The automatic 100m divers (Roy has them on his site) aren't as big but they aren't vintage watches by any stretch of the imagination. I used to own one but sold it to a friend at work - he likes it a lot and it is a nice watch.

Seiko & slim just don't seem to go together really


----------



## pg tips (May 16, 2003)

Yes I know qtz is the thing for slim but I don't want a qtz really, I have a few that I don't wear. Perhaps the answer lies away from Seiko.


----------



## LuvWatch (May 14, 2004)

Hi Paul

As has been said by Paulus, the vintage Seiko divers can be big beast's but surprisingly the early ones are not as thick as you might think....

6105-8000 is 11mm

6105-8110 is 11mm

6309-7*** is 14mm

7002-7009 is 14mm

7S26-**** is 14mm

8L35-0010 is 16mm

So the 6105's are not really that thick and with date only fits the bill nicely - the 8000's case has overall smaller dimensions than its younger brother.

So a 6105-8000 would meet your needs and it has the classic look.

Enjoy whatever you decide

All the best

Derek


----------



## LuvWatch (May 14, 2004)

Forgot to add - with the 8000 you also get this cool crown









Derek


----------



## jasonm (Nov 22, 2003)

Show off


----------



## pg tips (May 16, 2003)

that must be the one then didn't realise they were 11mm, thought they were thicker.

Just measured my current beater and it's also 11mm which suprised me as I thought it was slimmer than that so anyone know where I can get a 6105 8000?


----------



## LuvWatch (May 14, 2004)

jasonm said:


> Show off


Arn't you ever at work
















Ohh! Jason the diaries arrived today, thanks very much - still no pen though









Derek


----------



## jasonm (Nov 22, 2003)

Hi Derek...No Im not









Paul....How deep are your pockets?

Check this out...Non runner in a shit state..
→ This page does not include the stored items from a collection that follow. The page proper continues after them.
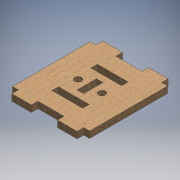
# Autodesk Inventor part: LightDiskSupport
Saved by Autodesk Inventor 2016 (Build 200138000, 138)
## iProperties
Created: 2015-12-14
Part Number: LightDiskSupport
Material: MDF Medium Density Fiberboard
Document SubType Name: Modeling
Designer: momem
Density: 0.8 g/cm^3
Appearance: Cardboard - Corrugated
Author: momem
Autodesk Inventor part; units mm, degrees
ref_plane "YZ Plane" through (0, 0, 0) normal (1, 0, 0) x (0, 1, 0)
ref_plane "XZ Plane" through (0, 0, 0) normal (0, 1, 0) x (-1, 0, 0)
ref_plane "XY Plane" through (0, 0, 0) normal (0, 0, 1) x (1, 0, 0)
sketch "Sketch1" plane through (0, 0, 0) normal (0, 0, 1) x (1, 0, 0)
  line L0 (-37.5, 37.9177) -> (-31.7388, 37.9177)
  line L1 (37.5, 37.9177) -> (37.5, -37.9177)
  line L2 (37.5, -37.9177) -> (31.7388, -37.9177)
  line L3 (-37.5, -37.9177) -> (-37.5, 37.9177)
  line L4 (-31.7388, 37.9177) -> (-31.7388, 44.3077)
  line L5 (-31.7388, 44.3077) -> (-12.78, 44.3077)
  line L6 (-12.78, 44.3077) -> (-12.78, 37.9177)
  line L7 (0, 37.9177) -> (0, -37.9177) construction
  line L8 (-37.5, 0) -> (37.5, 0) construction
  line L9 (-12.78, 37.9177) -> (12.78, 37.9177)
  line L10 (31.7388, 37.9177) -> (31.7388, 44.3077)
  line L11 (31.7388, 44.3077) -> (12.78, 44.3077)
  line L12 (12.78, 44.3077) -> (12.78, 37.9177)
  line L13 (-31.7388, -37.9177) -> (-31.7388, -44.3077)
  line L14 (-31.7388, -44.3077) -> (-12.78, -44.3077)
  line L15 (-12.78, -44.3077) -> (-12.78, -37.9177)
  line L16 (12.78, -44.3077) -> (12.78, -37.9177)
  line L17 (31.7388, -44.3077) -> (12.78, -44.3077)
  line L18 (31.7388, -37.9177) -> (31.7388, -44.3077)
  line L19 (31.7388, 37.9177) -> (37.5, 37.9177)
  line L20 (-31.7388, -37.9177) -> (-37.5, -37.9177)
  line L21 (12.78, -37.9177) -> (-12.78, -37.9177)
  line L22 (-14.945, 15.7638) -> (14.945, 15.7638)
  line L23 (14.945, 15.7638) -> (14.945, 22.1538)
  line L24 (14.945, 22.1538) -> (-14.945, 22.1538)
  line L25 (-14.945, 22.1538) -> (-14.945, 15.7638)
  line L26 (-14.945, -15.7638) -> (14.945, -15.7638)
  line L27 (14.945, -15.7638) -> (14.945, -22.1538)
  line L28 (14.945, -22.1538) -> (-14.945, -22.1538)
  line L29 (-14.945, -22.1538) -> (-14.945, -15.7638)
  line L30 (-3.195, 9.4794) -> (3.195, 9.4794)
  line L31 (3.195, 9.4794) -> (3.195, -9.4794)
  line L32 (3.195, -9.4794) -> (-3.195, -9.4794)
  line L33 (-3.195, -9.4794) -> (-3.195, 9.4794)
  line L34 (-14.945, 18.9588) -> (14.945, 18.9588) construction
  circle A0 centre (-11.6112, 0) radius 3.3338
  circle A1 centre (11.6112, 0) radius 3.3338
  point P0 (0, 0)
  point P1 (0, 22.1538)
  point P2 (3.195, 0)
  point P3 (0, 0)
  point P4 (0, 9.4794)
  point P5 (0, 0)
  point P6 (-22.2594, -44.3077)
  dimension "d0" = 75
  dimension "d1" = 75.8353
  dimension "d2" = 18.9588
  dimension "d3" = 6.39
  dimension "d4" = 12.78
  dimension "d21" = 6.39
  dimension "d22" = 29.89
  dimension "d24" = 18.9588
  dimension "d25" = 6.39
  dimension "d30" = 37.9177
  dimension "d41" = 6.6675
  constraints: 70 end point, 17 symmetric about line, 14 parallel, 12 perpendicular, 11 midpoint, 5 horizontal, 3 vertical alignment, 2 centre point, 2 horizontal alignment, 2 point on line, 1 coincident, 1 collinear, 1 tangent, 1 other
  measures "d0" distance of L0.start L1.start
  measures "d1" distance of L1.start L1.end
  measures "d2" distance of L4.end L5.end
  measures "d3" distance of L5.end L6.end
  measures "d4" distance between parallel lines of L6 L7
  measures "d21" distance of L24.end L22.start
  measures "d22" distance of L23.end L24.end
  measures "d24" distance of L30.end L31.end
  measures "d25" distance of L31.end L32.end
  measures "d30" distance between parallel lines of L28 L22
  measures "d41" diameter of A0
extrude "Extrusion4" add sketch "Sketch1" along normal blind 6.39
equation "\"d1\" = DiskGap"
equation "\"d2\" = 0.25 * DiskGap"
equation "\"d3\" = WoodThickness"
equation "\"d4\" = 2 * WoodThickness"
equation "\"d21\" = WoodThickness"
equation "\"d22\" = 0.5 * ColumnWidth"
equation "\"d24\" = 0.25 * DiskGap"
equation "\"d25\" = WoodThickness"
equation "\"d30\" = 0.5 * DiskGap"
equation "\"d42\" = WoodThickness"
equation "\"DiskGap\" = 75.835317"
equation "\"WoodThickness\" = 6.39"
equation "\"ColumnWidth\" = 59.78"
body "Solid4"
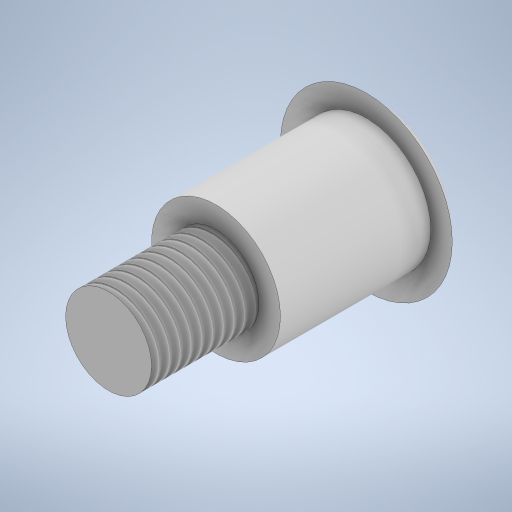
# Autodesk Inventor part: m2mit025
Saved by Autodesk Inventor 2023 (Build 270158000, 158)
## iProperties
Created: 2022-05-26
Part Number: m2mit025
Material: Generisch
Document SubType Name: Modeling
Designer: Tim Stechel
Density: 1 g/cm^3
Appearance: Vorgabe
Author: Tim Stechel
Autodesk Inventor part; units mm, degrees
ref_plane "YZ Plane" through (0, 0, 0) normal (1, 0, 0) x (0, 1, 0)
ref_plane "XZ Plane" through (0, 0, 0) normal (0, 1, 0) x (-1, 0, 0)
ref_plane "XY Plane" through (0, 0, 0) normal (0, 0, 1) x (1, 0, 0)
sketch "Skizze1" plane through (0, 0, 0) normal (0, 0, 1) x (1, 0, 0)
  circle A0 centre (0, 0) radius 1.5
  dimension "d0" = 3
  constraints: 1 centre point, 1 coincident
  measures "d0" diameter of A0
extrude "Extrusion1" add sketch "Skizze1" along normal blind 3.5
sketch "Skizze2" plane through (0, 0, 3.5) normal (0, 0, 1) x (1, 0, 0)
  circle A0 centre (0, 0) radius 1
  dimension "d3" = 2
  constraints: 1 centre point, 1 coincident
  measures "d3" diameter of A0
extrude "Extrusion2" add sketch "Skizze2" along normal blind 2.5
sketch "Skizze3" plane through (0, 0, 0) normal (0, 1, 0) x (-1, 0, 0)
  line L0 (0, 0) -> (2, 0)
  line L1 (1.5, 0) -> (-1.5, 0) projected
  arc A0 (-2, 0) -> (2, 0) centre (0, 1.8875) ccw
  line L2 (0, 0) -> (0, -0.8625)
  dimension "d6" = 2
  dimension "d7" = 4
  dimension "d8" = 2.75
  constraints: 4 end point, 3 point on circle, 1 centre point, 1 collinear, 1 point on line
  measures "d6" distance of L0.start L0.end
  measures "d7" distance of L0.end A0.start
  measures "d8" radius of A0
revolve "Umdrehung1" add sketch "Skizze3" angle 360 about axis through (0, 0, 0) along (0, 0, -1)
thread "Gewinde1" size "M2x0.25" class "6g" standard "ANSI Metric M Profile" length 10

http://cgi.ebay.co.uk/ws/eBayISAPI.dll?Vie...me=STRK:MEWA:IT


----------



## Roy (Feb 23, 2003)

PG the 100m one that I have on the site with the Oyster bracelet is the slimmest auto one.


----------



## AlexR (May 11, 2003)

Citizen make them quite small and slim.

How come you need a diver Paul.Are the AA doing dockside boat repair


----------



## pg tips (May 16, 2003)

do you mean










has a day wheel







besides it's too new and the seconds hand is bent!


----------



## pg tips (May 16, 2003)

Jase possibly not deep enough









No Alex we aint into boats, though given the new owners who knows, just fancy a diver for work that's all. I may start wearing stuff other than the seiko at work and see what suits me best.


----------



## AlexR (May 11, 2003)

A pocket watch


----------



## Guest (Jan 7, 2005)

pg tips said:


> Jase possibly not deep enough
> 
> 
> 
> ...


 PG, working on cars all the time won't you smash up the watch a bit?


----------



## hakim (Sep 13, 2004)

Derek nice collection especially that Marine Master!


----------